● YOUR ASSIGNMENT
Pictures stay out of this copy; please retype only the lines from the start of the records through the line with "#11,#12)) REPRESENTATION_CONTEXT('',''));".

━━ PROVIDED INFORMATION

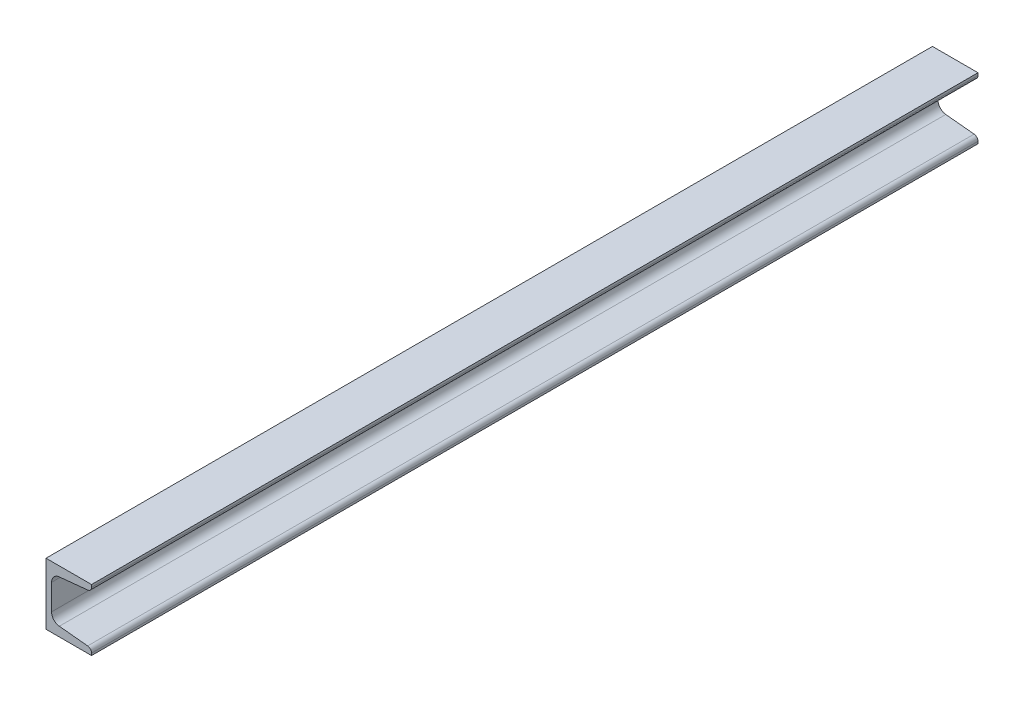
ISO-10303-21;
HEADER;
FILE_DESCRIPTION(('STEP AP214'),'2;1');
FILE_NAME('part.step','',(''),(''),'','','');
FILE_SCHEMA(('AUTOMOTIVE_DESIGN { 1 0 10303 214 1 1 1 1 }'));
ENDSEC;
DATA;
#1=APPLICATION_CONTEXT('core data for automotive mechanical design processes');
#2=APPLICATION_PROTOCOL_DEFINITION('international standard','automotive_design',2000,#1);
#3=PRODUCT_CONTEXT('',#1,'mechanical');
#4=PRODUCT('Part','Part','',(#3));
#5=PRODUCT_RELATED_PRODUCT_CATEGORY('part','',(#4));
#6=PRODUCT_DEFINITION_FORMATION('','',#4);
#7=PRODUCT_DEFINITION_CONTEXT('part definition',#1,'design');
#8=PRODUCT_DEFINITION('design','',#6,#7);
#9=PRODUCT_DEFINITION_SHAPE('','',#8);
#10=(LENGTH_UNIT() NAMED_UNIT(*) SI_UNIT(.MILLI.,.METRE.));
#11=(NAMED_UNIT(*) PLANE_ANGLE_UNIT() SI_UNIT($,.RADIAN.));
#12=(NAMED_UNIT(*) SI_UNIT($,.STERADIAN.) SOLID_ANGLE_UNIT());
#13=UNCERTAINTY_MEASURE_WITH_UNIT(LENGTH_MEASURE(1.E-05),#10,'distance_accuracy_value','');
#14=(GEOMETRIC_REPRESENTATION_CONTEXT(3) GLOBAL_UNCERTAINTY_ASSIGNED_CONTEXT((#13)) GLOBAL_UNIT_ASSIGNED_CONTEXT((#10,
#11,#12)) REPRESENTATION_CONTEXT('',''));
#15=CARTESIAN_POINT('',(0.,0.,0.));
#16=DIRECTION('',(0.,0.,1.));
#17=DIRECTION('',(1.,0.,0.));
#18=AXIS2_PLACEMENT_3D('',#15,#16,#17);
#19=CARTESIAN_POINT('',(0.,0.,720.));
#20=DIRECTION('',(0.,1.,0.));
#21=DIRECTION('',(0.,0.,1.));
#22=AXIS2_PLACEMENT_3D('',#19,#20,#21);
#23=PLANE('',#22);
#24=DIRECTION('',(1.,0.,0.));
#25=VECTOR('',#24,1.);
#26=CARTESIAN_POINT('',(0.,0.,0.));
#27=LINE('',#26,#25);
#28=CARTESIAN_POINT('',(0.,0.,0.));
#29=VERTEX_POINT('',#28);
#30=CARTESIAN_POINT('',(37.,0.,0.));
#31=VERTEX_POINT('',#30);
#32=EDGE_CURVE('E156',#29,#31,#27,.T.);
#33=ORIENTED_EDGE('',*,*,#32,.T.);
#34=DIRECTION('',(0.,0.,-1.));
#35=VECTOR('',#34,1.);
#36=CARTESIAN_POINT('',(37.,0.,720.));
#37=LINE('',#36,#35);
#38=CARTESIAN_POINT('',(37.,0.,720.));
#39=VERTEX_POINT('',#38);
#40=EDGE_CURVE('E11',#39,#31,#37,.T.);
#41=ORIENTED_EDGE('',*,*,#40,.F.);
#42=DIRECTION('',(1.,0.,0.));
#43=VECTOR('',#42,1.);
#44=CARTESIAN_POINT('',(0.,0.,720.));
#45=LINE('',#44,#43);
#46=CARTESIAN_POINT('',(0.,0.,720.));
#47=VERTEX_POINT('',#46);
#48=EDGE_CURVE('E178',#47,#39,#45,.T.);
#49=ORIENTED_EDGE('',*,*,#48,.F.);
#50=DIRECTION('',(0.,0.,-1.));
#51=VECTOR('',#50,1.);
#52=CARTESIAN_POINT('',(0.,0.,720.));
#53=LINE('',#52,#51);
#54=EDGE_CURVE('E152',#47,#29,#53,.T.);
#55=ORIENTED_EDGE('',*,*,#54,.T.);
#56=EDGE_LOOP('',(#33,#41,#49,#55));
#57=FACE_BOUND('',#56,.T.);
#58=ADVANCED_FACE('F36',(#57),#23,.F.);
#59=CARTESIAN_POINT('',(37.,0.,720.));
#60=DIRECTION('',(-1.,0.,0.));
#61=DIRECTION('',(0.,0.,1.));
#62=AXIS2_PLACEMENT_3D('',#59,#60,#61);
#63=PLANE('',#62);
#64=DIRECTION('',(0.,1.,0.));
#65=VECTOR('',#64,1.);
#66=CARTESIAN_POINT('',(37.,0.,0.));
#67=LINE('',#66,#65);
#68=CARTESIAN_POINT('',(37.,1.75754353260767,0.));
#69=VERTEX_POINT('',#68);
#70=EDGE_CURVE('E159',#31,#69,#67,.T.);
#71=ORIENTED_EDGE('',*,*,#70,.T.);
#72=DIRECTION('',(0.,0.,-1.));
#73=VECTOR('',#72,1.);
#74=CARTESIAN_POINT('',(37.,1.75754353260767,720.));
#75=LINE('',#74,#73);
#76=CARTESIAN_POINT('',(37.,1.75754353260767,720.));
#77=VERTEX_POINT('',#76);
#78=EDGE_CURVE('E44',#77,#69,#75,.T.);
#79=ORIENTED_EDGE('',*,*,#78,.F.);
#80=DIRECTION('',(0.,1.,0.));
#81=VECTOR('',#80,1.);
#82=CARTESIAN_POINT('',(37.,0.,720.));
#83=LINE('',#82,#81);
#84=EDGE_CURVE('E107',#39,#77,#83,.T.);
#85=ORIENTED_EDGE('',*,*,#84,.F.);
#86=ORIENTED_EDGE('',*,*,#40,.T.);
#87=EDGE_LOOP('',(#71,#79,#85,#86));
#88=FACE_BOUND('',#87,.T.);
#89=ADVANCED_FACE('F256',(#88),#63,.F.);
#90=CARTESIAN_POINT('',(33.5,1.75754353260769,720.));
#91=DIRECTION('',(0.,0.,-1.));
#92=DIRECTION('',(-1.,0.,0.));
#93=AXIS2_PLACEMENT_3D('',#90,#91,#92);
#94=CYLINDRICAL_SURFACE('',#93,3.5);
#95=CARTESIAN_POINT('',(33.5,1.75754353260769,0.));
#96=DIRECTION('',(0.,0.,1.));
#97=DIRECTION('',(1.,0.,0.));
#98=AXIS2_PLACEMENT_3D('',#95,#96,#97);
#99=CIRCLE('',#98,3.5);
#100=CARTESIAN_POINT('',(33.8482630165735,5.24017369834266,0.));
#101=VERTEX_POINT('',#100);
#102=EDGE_CURVE('E161',#69,#101,#99,.T.);
#103=ORIENTED_EDGE('',*,*,#102,.T.);
#104=DIRECTION('',(0.,0.,-1.));
#105=VECTOR('',#104,1.);
#106=CARTESIAN_POINT('',(33.8482630165735,5.24017369834266,720.));
#107=LINE('',#106,#105);
#108=CARTESIAN_POINT('',(33.8482630165735,5.24017369834266,720.));
#109=VERTEX_POINT('',#108);
#110=EDGE_CURVE('E197',#109,#101,#107,.T.);
#111=ORIENTED_EDGE('',*,*,#110,.F.);
#112=CARTESIAN_POINT('',(33.5,1.75754353260769,720.));
#113=DIRECTION('',(0.,0.,1.));
#114=DIRECTION('',(1.,0.,0.));
#115=AXIS2_PLACEMENT_3D('',#112,#113,#114);
#116=CIRCLE('',#115,3.5);
#117=EDGE_CURVE('E205',#77,#109,#116,.T.);
#118=ORIENTED_EDGE('',*,*,#117,.F.);
#119=ORIENTED_EDGE('',*,*,#78,.T.);
#120=EDGE_LOOP('',(#103,#111,#118,#119));
#121=FACE_BOUND('',#120,.T.);
#122=ADVANCED_FACE('F203',(#121),#94,.T.);
#123=CARTESIAN_POINT('',(10.8034739668531,7.5446526033147,720.));
#124=DIRECTION('',(-0.0995037190209989,-0.995037190209989,0.));
#125=DIRECTION('',(0.995037190209989,-0.099503719020999,0.));
#126=AXIS2_PLACEMENT_3D('',#123,#124,#125);
#127=PLANE('',#126);
#128=DIRECTION('',(-0.995037190209989,0.0995037190209989,0.));
#129=VECTOR('',#128,1.);
#130=CARTESIAN_POINT('',(10.8034739668531,7.5446526033147,0.));
#131=LINE('',#130,#129);
#132=CARTESIAN_POINT('',(10.8034739668531,7.5446526033147,0.));
#133=VERTEX_POINT('',#132);
#134=EDGE_CURVE('E163',#101,#133,#131,.T.);
#135=ORIENTED_EDGE('',*,*,#134,.T.);
#136=DIRECTION('',(0.,0.,-1.));
#137=VECTOR('',#136,1.);
#138=CARTESIAN_POINT('',(10.8034739668531,7.5446526033147,720.));
#139=LINE('',#138,#137);
#140=CARTESIAN_POINT('',(10.8034739668531,7.5446526033147,720.));
#141=VERTEX_POINT('',#140);
#142=EDGE_CURVE('E194',#141,#133,#139,.T.);
#143=ORIENTED_EDGE('',*,*,#142,.F.);
#144=DIRECTION('',(-0.995037190209989,0.0995037190209989,0.));
#145=VECTOR('',#144,1.);
#146=CARTESIAN_POINT('',(10.8034739668531,7.5446526033147,720.));
#147=LINE('',#146,#145);
#148=EDGE_CURVE('E223',#109,#141,#147,.T.);
#149=ORIENTED_EDGE('',*,*,#148,.F.);
#150=ORIENTED_EDGE('',*,*,#110,.T.);
#151=EDGE_LOOP('',(#135,#143,#149,#150));
#152=FACE_BOUND('',#151,.T.);
#153=ADVANCED_FACE('F214',(#152),#127,.F.);
#154=CARTESIAN_POINT('',(11.5,14.5099129347846,720.));
#155=DIRECTION('',(0.,0.,-1.));
#156=DIRECTION('',(-1.,0.,0.));
#157=AXIS2_PLACEMENT_3D('',#154,#155,#156);
#158=CYLINDRICAL_SURFACE('',#157,7.);
#159=CARTESIAN_POINT('',(11.5,14.5099129347846,0.));
#160=DIRECTION('',(0.,0.,-1.));
#161=DIRECTION('',(1.,0.,0.));
#162=AXIS2_PLACEMENT_3D('',#159,#160,#161);
#163=CIRCLE('',#162,7.);
#164=CARTESIAN_POINT('',(4.5,14.5099129347847,0.));
#165=VERTEX_POINT('',#164);
#166=EDGE_CURVE('E165',#133,#165,#163,.T.);
#167=ORIENTED_EDGE('',*,*,#166,.T.);
#168=DIRECTION('',(0.,0.,-1.));
#169=VECTOR('',#168,1.);
#170=CARTESIAN_POINT('',(4.5,14.5099129347847,720.));
#171=LINE('',#170,#169);
#172=CARTESIAN_POINT('',(4.5,14.5099129347847,720.));
#173=VERTEX_POINT('',#172);
#174=EDGE_CURVE('E191',#173,#165,#171,.T.);
#175=ORIENTED_EDGE('',*,*,#174,.F.);
#176=CARTESIAN_POINT('',(11.5,14.5099129347846,720.));
#177=DIRECTION('',(0.,0.,-1.));
#178=DIRECTION('',(1.,0.,0.));
#179=AXIS2_PLACEMENT_3D('',#176,#177,#178);
#180=CIRCLE('',#179,7.);
#181=EDGE_CURVE('E220',#141,#173,#180,.T.);
#182=ORIENTED_EDGE('',*,*,#181,.F.);
#183=ORIENTED_EDGE('',*,*,#142,.T.);
#184=EDGE_LOOP('',(#167,#175,#182,#183));
#185=FACE_BOUND('',#184,.T.);
#186=ADVANCED_FACE('F218',(#185),#158,.F.);
#187=CARTESIAN_POINT('',(4.5,14.5099129347847,720.));
#188=DIRECTION('',(-1.,0.,0.));
#189=DIRECTION('',(0.,-1.,0.));
#190=AXIS2_PLACEMENT_3D('',#187,#188,#189);
#191=PLANE('',#190);
#192=DIRECTION('',(0.,1.,0.));
#193=VECTOR('',#192,1.);
#194=CARTESIAN_POINT('',(4.5,14.5099129347847,0.));
#195=LINE('',#194,#193);
#196=CARTESIAN_POINT('',(4.5,35.2876429963102,0.));
#197=VERTEX_POINT('',#196);
#198=EDGE_CURVE('E167',#165,#197,#195,.T.);
#199=ORIENTED_EDGE('',*,*,#198,.T.);
#200=DIRECTION('',(0.,0.,-1.));
#201=VECTOR('',#200,1.);
#202=CARTESIAN_POINT('',(4.5,35.2876429963102,720.));
#203=LINE('',#202,#201);
#204=CARTESIAN_POINT('',(4.5,35.2876429963102,720.));
#205=VERTEX_POINT('',#204);
#206=EDGE_CURVE('E188',#205,#197,#203,.T.);
#207=ORIENTED_EDGE('',*,*,#206,.F.);
#208=DIRECTION('',(0.,1.,0.));
#209=VECTOR('',#208,1.);
#210=CARTESIAN_POINT('',(4.5,14.5099129347847,720.));
#211=LINE('',#210,#209);
#212=EDGE_CURVE('E222',#173,#205,#211,.T.);
#213=ORIENTED_EDGE('',*,*,#212,.F.);
#214=ORIENTED_EDGE('',*,*,#174,.T.);
#215=EDGE_LOOP('',(#199,#207,#213,#214));
#216=FACE_BOUND('',#215,.T.);
#217=ADVANCED_FACE('F269',(#216),#191,.F.);
#218=CARTESIAN_POINT('',(11.5,35.2876429963103,720.));
#219=DIRECTION('',(0.,0.,-1.));
#220=DIRECTION('',(-1.,0.,0.));
#221=AXIS2_PLACEMENT_3D('',#218,#219,#220);
#222=CYLINDRICAL_SURFACE('',#221,7.);
#223=CARTESIAN_POINT('',(11.5,35.2876429963103,0.));
#224=DIRECTION('',(0.,0.,-1.));
#225=DIRECTION('',(1.,0.,0.));
#226=AXIS2_PLACEMENT_3D('',#223,#224,#225);
#227=CIRCLE('',#226,7.);
#228=CARTESIAN_POINT('',(10.803473966853,42.2529033277802,0.));
#229=VERTEX_POINT('',#228);
#230=EDGE_CURVE('E169',#197,#229,#227,.T.);
#231=ORIENTED_EDGE('',*,*,#230,.T.);
#232=DIRECTION('',(0.,0.,-1.));
#233=VECTOR('',#232,1.);
#234=CARTESIAN_POINT('',(10.803473966853,42.2529033277802,720.));
#235=LINE('',#234,#233);
#236=CARTESIAN_POINT('',(10.803473966853,42.2529033277802,720.));
#237=VERTEX_POINT('',#236);
#238=EDGE_CURVE('E185',#237,#229,#235,.T.);
#239=ORIENTED_EDGE('',*,*,#238,.F.);
#240=CARTESIAN_POINT('',(11.5,35.2876429963103,720.));
#241=DIRECTION('',(0.,0.,-1.));
#242=DIRECTION('',(1.,0.,0.));
#243=AXIS2_PLACEMENT_3D('',#240,#241,#242);
#244=CIRCLE('',#243,7.);
#245=EDGE_CURVE('E225',#205,#237,#244,.T.);
#246=ORIENTED_EDGE('',*,*,#245,.F.);
#247=ORIENTED_EDGE('',*,*,#206,.T.);
#248=EDGE_LOOP('',(#231,#239,#246,#247));
#249=FACE_BOUND('',#248,.T.);
#250=ADVANCED_FACE('F272',(#249),#222,.F.);
#251=CARTESIAN_POINT('',(10.803473966853,42.2529033277802,720.));
#252=DIRECTION('',(-0.0995037190209989,0.995037190209989,0.));
#253=DIRECTION('',(-0.995037190209989,-0.0995037190209989,0.));
#254=AXIS2_PLACEMENT_3D('',#251,#252,#253);
#255=PLANE('',#254);
#256=DIRECTION('',(0.995037190209989,0.0995037190209989,0.));
#257=VECTOR('',#256,1.);
#258=CARTESIAN_POINT('',(10.803473966853,42.2529033277802,0.));
#259=LINE('',#258,#257);
#260=CARTESIAN_POINT('',(33.8482630165735,44.5573822327522,0.));
#261=VERTEX_POINT('',#260);
#262=EDGE_CURVE('E171',#229,#261,#259,.T.);
#263=ORIENTED_EDGE('',*,*,#262,.T.);
#264=DIRECTION('',(0.,0.,-1.));
#265=VECTOR('',#264,1.);
#266=CARTESIAN_POINT('',(33.8482630165735,44.5573822327522,720.));
#267=LINE('',#266,#265);
#268=CARTESIAN_POINT('',(33.8482630165735,44.5573822327522,720.));
#269=VERTEX_POINT('',#268);
#270=EDGE_CURVE('E182',#269,#261,#267,.T.);
#271=ORIENTED_EDGE('',*,*,#270,.F.);
#272=DIRECTION('',(0.995037190209989,0.0995037190209989,0.));
#273=VECTOR('',#272,1.);
#274=CARTESIAN_POINT('',(10.803473966853,42.2529033277802,720.));
#275=LINE('',#274,#273);
#276=EDGE_CURVE('E231',#237,#269,#275,.T.);
#277=ORIENTED_EDGE('',*,*,#276,.F.);
#278=ORIENTED_EDGE('',*,*,#238,.T.);
#279=EDGE_LOOP('',(#263,#271,#277,#278));
#280=FACE_BOUND('',#279,.T.);
#281=ADVANCED_FACE('F237',(#280),#255,.F.);
#282=CARTESIAN_POINT('',(33.5,48.0400123984872,720.));
#283=DIRECTION('',(0.,0.,-1.));
#284=DIRECTION('',(-1.,0.,0.));
#285=AXIS2_PLACEMENT_3D('',#282,#283,#284);
#286=CYLINDRICAL_SURFACE('',#285,3.50000000000001);
#287=CARTESIAN_POINT('',(33.5,48.0400123984872,0.));
#288=DIRECTION('',(0.,0.,1.));
#289=DIRECTION('',(1.,0.,0.));
#290=AXIS2_PLACEMENT_3D('',#287,#288,#289);
#291=CIRCLE('',#290,3.50000000000001);
#292=CARTESIAN_POINT('',(37.,48.0400123984872,0.));
#293=VERTEX_POINT('',#292);
#294=EDGE_CURVE('E173',#261,#293,#291,.T.);
#295=ORIENTED_EDGE('',*,*,#294,.T.);
#296=DIRECTION('',(0.,0.,-1.));
#297=VECTOR('',#296,1.);
#298=CARTESIAN_POINT('',(37.,48.0400123984872,720.));
#299=LINE('',#298,#297);
#300=CARTESIAN_POINT('',(37.,48.0400123984872,720.));
#301=VERTEX_POINT('',#300);
#302=EDGE_CURVE('E147',#301,#293,#299,.T.);
#303=ORIENTED_EDGE('',*,*,#302,.F.);
#304=CARTESIAN_POINT('',(33.5,48.0400123984872,720.));
#305=DIRECTION('',(0.,0.,1.));
#306=DIRECTION('',(1.,0.,0.));
#307=AXIS2_PLACEMENT_3D('',#304,#305,#306);
#308=CIRCLE('',#307,3.50000000000001);
#309=EDGE_CURVE('E138',#269,#301,#308,.T.);
#310=ORIENTED_EDGE('',*,*,#309,.F.);
#311=ORIENTED_EDGE('',*,*,#270,.T.);
#312=EDGE_LOOP('',(#295,#303,#310,#311));
#313=FACE_BOUND('',#312,.T.);
#314=ADVANCED_FACE('F241',(#313),#286,.T.);
#315=CARTESIAN_POINT('',(37.,48.0400123984872,720.));
#316=DIRECTION('',(-1.,0.,0.));
#317=DIRECTION('',(0.,0.,1.));
#318=AXIS2_PLACEMENT_3D('',#315,#316,#317);
#319=PLANE('',#318);
#320=DIRECTION('',(0.,1.,0.));
#321=VECTOR('',#320,1.);
#322=CARTESIAN_POINT('',(37.,48.0400123984872,0.));
#323=LINE('',#322,#321);
#324=CARTESIAN_POINT('',(37.,50.,0.));
#325=VERTEX_POINT('',#324);
#326=EDGE_CURVE('E146',#293,#325,#323,.T.);
#327=ORIENTED_EDGE('',*,*,#326,.T.);
#328=DIRECTION('',(0.,0.,-1.));
#329=VECTOR('',#328,1.);
#330=CARTESIAN_POINT('',(37.,50.,720.));
#331=LINE('',#330,#329);
#332=CARTESIAN_POINT('',(37.,50.,720.));
#333=VERTEX_POINT('',#332);
#334=EDGE_CURVE('E143',#333,#325,#331,.T.);
#335=ORIENTED_EDGE('',*,*,#334,.F.);
#336=DIRECTION('',(0.,1.,0.));
#337=VECTOR('',#336,1.);
#338=CARTESIAN_POINT('',(37.,48.0400123984872,720.));
#339=LINE('',#338,#337);
#340=EDGE_CURVE('E132',#301,#333,#339,.T.);
#341=ORIENTED_EDGE('',*,*,#340,.F.);
#342=ORIENTED_EDGE('',*,*,#302,.T.);
#343=EDGE_LOOP('',(#327,#335,#341,#342));
#344=FACE_BOUND('',#343,.T.);
#345=ADVANCED_FACE('F144',(#344),#319,.F.);
#346=CARTESIAN_POINT('',(-1.71512449944288E-13,50.,720.));
#347=DIRECTION('',(0.,-1.,0.));
#348=DIRECTION('',(0.,0.,-1.));
#349=AXIS2_PLACEMENT_3D('',#346,#347,#348);
#350=PLANE('',#349);
#351=DIRECTION('',(-1.,0.,0.));
#352=VECTOR('',#351,1.);
#353=CARTESIAN_POINT('',(-1.71512449944288E-13,50.,0.));
#354=LINE('',#353,#352);
#355=CARTESIAN_POINT('',(-1.71512449944288E-13,50.,0.));
#356=VERTEX_POINT('',#355);
#357=EDGE_CURVE('E93',#325,#356,#354,.T.);
#358=ORIENTED_EDGE('',*,*,#357,.T.);
#359=DIRECTION('',(0.,0.,-1.));
#360=VECTOR('',#359,1.);
#361=CARTESIAN_POINT('',(-1.71512449944288E-13,50.,720.));
#362=LINE('',#361,#360);
#363=CARTESIAN_POINT('',(-1.71512449944288E-13,50.,720.));
#364=VERTEX_POINT('',#363);
#365=EDGE_CURVE('E148',#364,#356,#362,.T.);
#366=ORIENTED_EDGE('',*,*,#365,.F.);
#367=DIRECTION('',(-1.,0.,0.));
#368=VECTOR('',#367,1.);
#369=CARTESIAN_POINT('',(-1.71512449944288E-13,50.,720.));
#370=LINE('',#369,#368);
#371=EDGE_CURVE('E136',#333,#364,#370,.T.);
#372=ORIENTED_EDGE('',*,*,#371,.F.);
#373=ORIENTED_EDGE('',*,*,#334,.T.);
#374=EDGE_LOOP('',(#358,#366,#372,#373));
#375=FACE_BOUND('',#374,.T.);
#376=ADVANCED_FACE('F150',(#375),#350,.F.);
#377=CARTESIAN_POINT('',(0.,0.,720.));
#378=DIRECTION('',(1.,0.,0.));
#379=DIRECTION('',(0.,1.,0.));
#380=AXIS2_PLACEMENT_3D('',#377,#378,#379);
#381=PLANE('',#380);
#382=DIRECTION('',(0.,-1.,0.));
#383=VECTOR('',#382,1.);
#384=CARTESIAN_POINT('',(0.,0.,0.));
#385=LINE('',#384,#383);
#386=EDGE_CURVE('E99',#356,#29,#385,.T.);
#387=ORIENTED_EDGE('',*,*,#386,.T.);
#388=ORIENTED_EDGE('',*,*,#54,.F.);
#389=DIRECTION('',(0.,-1.,0.));
#390=VECTOR('',#389,1.);
#391=CARTESIAN_POINT('',(0.,0.,720.));
#392=LINE('',#391,#390);
#393=EDGE_CURVE('E52',#364,#47,#392,.T.);
#394=ORIENTED_EDGE('',*,*,#393,.F.);
#395=ORIENTED_EDGE('',*,*,#365,.T.);
#396=EDGE_LOOP('',(#387,#388,#394,#395));
#397=FACE_BOUND('',#396,.T.);
#398=ADVANCED_FACE('F245',(#397),#381,.F.);
#399=CARTESIAN_POINT('',(33.5,1.75754353260769,720.));
#400=DIRECTION('',(0.,0.,1.));
#401=DIRECTION('',(1.,0.,0.));
#402=AXIS2_PLACEMENT_3D('',#399,#400,#401);
#403=PLANE('',#402);
#404=ORIENTED_EDGE('',*,*,#48,.T.);
#405=ORIENTED_EDGE('',*,*,#84,.T.);
#406=ORIENTED_EDGE('',*,*,#117,.T.);
#407=ORIENTED_EDGE('',*,*,#148,.T.);
#408=ORIENTED_EDGE('',*,*,#181,.T.);
#409=ORIENTED_EDGE('',*,*,#212,.T.);
#410=ORIENTED_EDGE('',*,*,#245,.T.);
#411=ORIENTED_EDGE('',*,*,#276,.T.);
#412=ORIENTED_EDGE('',*,*,#309,.T.);
#413=ORIENTED_EDGE('',*,*,#340,.T.);
#414=ORIENTED_EDGE('',*,*,#371,.T.);
#415=ORIENTED_EDGE('',*,*,#393,.T.);
#416=EDGE_LOOP('',(#404,#405,#406,#407,#408,#409,#410,#411,#412,#413,#414,#415));
#417=FACE_BOUND('',#416,.T.);
#418=ADVANCED_FACE('F134',(#417),#403,.T.);
#419=CARTESIAN_POINT('',(33.5,1.75754353260769,0.));
#420=DIRECTION('',(0.,0.,1.));
#421=DIRECTION('',(1.,0.,0.));
#422=AXIS2_PLACEMENT_3D('',#419,#420,#421);
#423=PLANE('',#422);
#424=ORIENTED_EDGE('',*,*,#32,.F.);
#425=ORIENTED_EDGE('',*,*,#386,.F.);
#426=ORIENTED_EDGE('',*,*,#357,.F.);
#427=ORIENTED_EDGE('',*,*,#326,.F.);
#428=ORIENTED_EDGE('',*,*,#294,.F.);
#429=ORIENTED_EDGE('',*,*,#262,.F.);
#430=ORIENTED_EDGE('',*,*,#230,.F.);
#431=ORIENTED_EDGE('',*,*,#198,.F.);
#432=ORIENTED_EDGE('',*,*,#166,.F.);
#433=ORIENTED_EDGE('',*,*,#134,.F.);
#434=ORIENTED_EDGE('',*,*,#102,.F.);
#435=ORIENTED_EDGE('',*,*,#70,.F.);
#436=EDGE_LOOP('',(#424,#425,#426,#427,#428,#429,#430,#431,#432,#433,#434,#435));
#437=FACE_BOUND('',#436,.T.);
#438=ADVANCED_FACE('F209',(#437),#423,.F.);
#439=CLOSED_SHELL('',(#58,#89,#122,#153,#186,#217,#250,#281,#314,#345,#376,#398,#418,#438));
#440=MANIFOLD_SOLID_BREP('B2',#439);
#441=ADVANCED_BREP_SHAPE_REPRESENTATION('',(#18,#440),#14);
#442=SHAPE_DEFINITION_REPRESENTATION(#9,#441);
ENDSEC;
END-ISO-10303-21;

━━━━

● RESULT OF THIS TASK
ISO-10303-21;
HEADER;
FILE_DESCRIPTION(('STEP AP214'),'2;1');
FILE_NAME('part.step','',(''),(''),'','','');
FILE_SCHEMA(('AUTOMOTIVE_DESIGN { 1 0 10303 214 1 1 1 1 }'));
ENDSEC;
DATA;
#1=APPLICATION_CONTEXT('core data for automotive mechanical design processes');
#2=APPLICATION_PROTOCOL_DEFINITION('international standard','automotive_design',2000,#1);
#3=PRODUCT_CONTEXT('',#1,'mechanical');
#4=PRODUCT('Part','Part','',(#3));
#5=PRODUCT_RELATED_PRODUCT_CATEGORY('part','',(#4));
#6=PRODUCT_DEFINITION_FORMATION('','',#4);
#7=PRODUCT_DEFINITION_CONTEXT('part definition',#1,'design');
#8=PRODUCT_DEFINITION('design','',#6,#7);
#9=PRODUCT_DEFINITION_SHAPE('','',#8);
#10=(LENGTH_UNIT() NAMED_UNIT(*) SI_UNIT(.MILLI.,.METRE.));
#11=(NAMED_UNIT(*) PLANE_ANGLE_UNIT() SI_UNIT($,.RADIAN.));
#12=(NAMED_UNIT(*) SI_UNIT($,.STERADIAN.) SOLID_ANGLE_UNIT());
#13=UNCERTAINTY_MEASURE_WITH_UNIT(LENGTH_MEASURE(1.E-05),#10,'distance_accuracy_value','');
#14=(GEOMETRIC_REPRESENTATION_CONTEXT(3) GLOBAL_UNCERTAINTY_ASSIGNED_CONTEXT((#13)) GLOBAL_UNIT_ASSIGNED_CONTEXT((#10,
#11,#12)) REPRESENTATION_CONTEXT('',''));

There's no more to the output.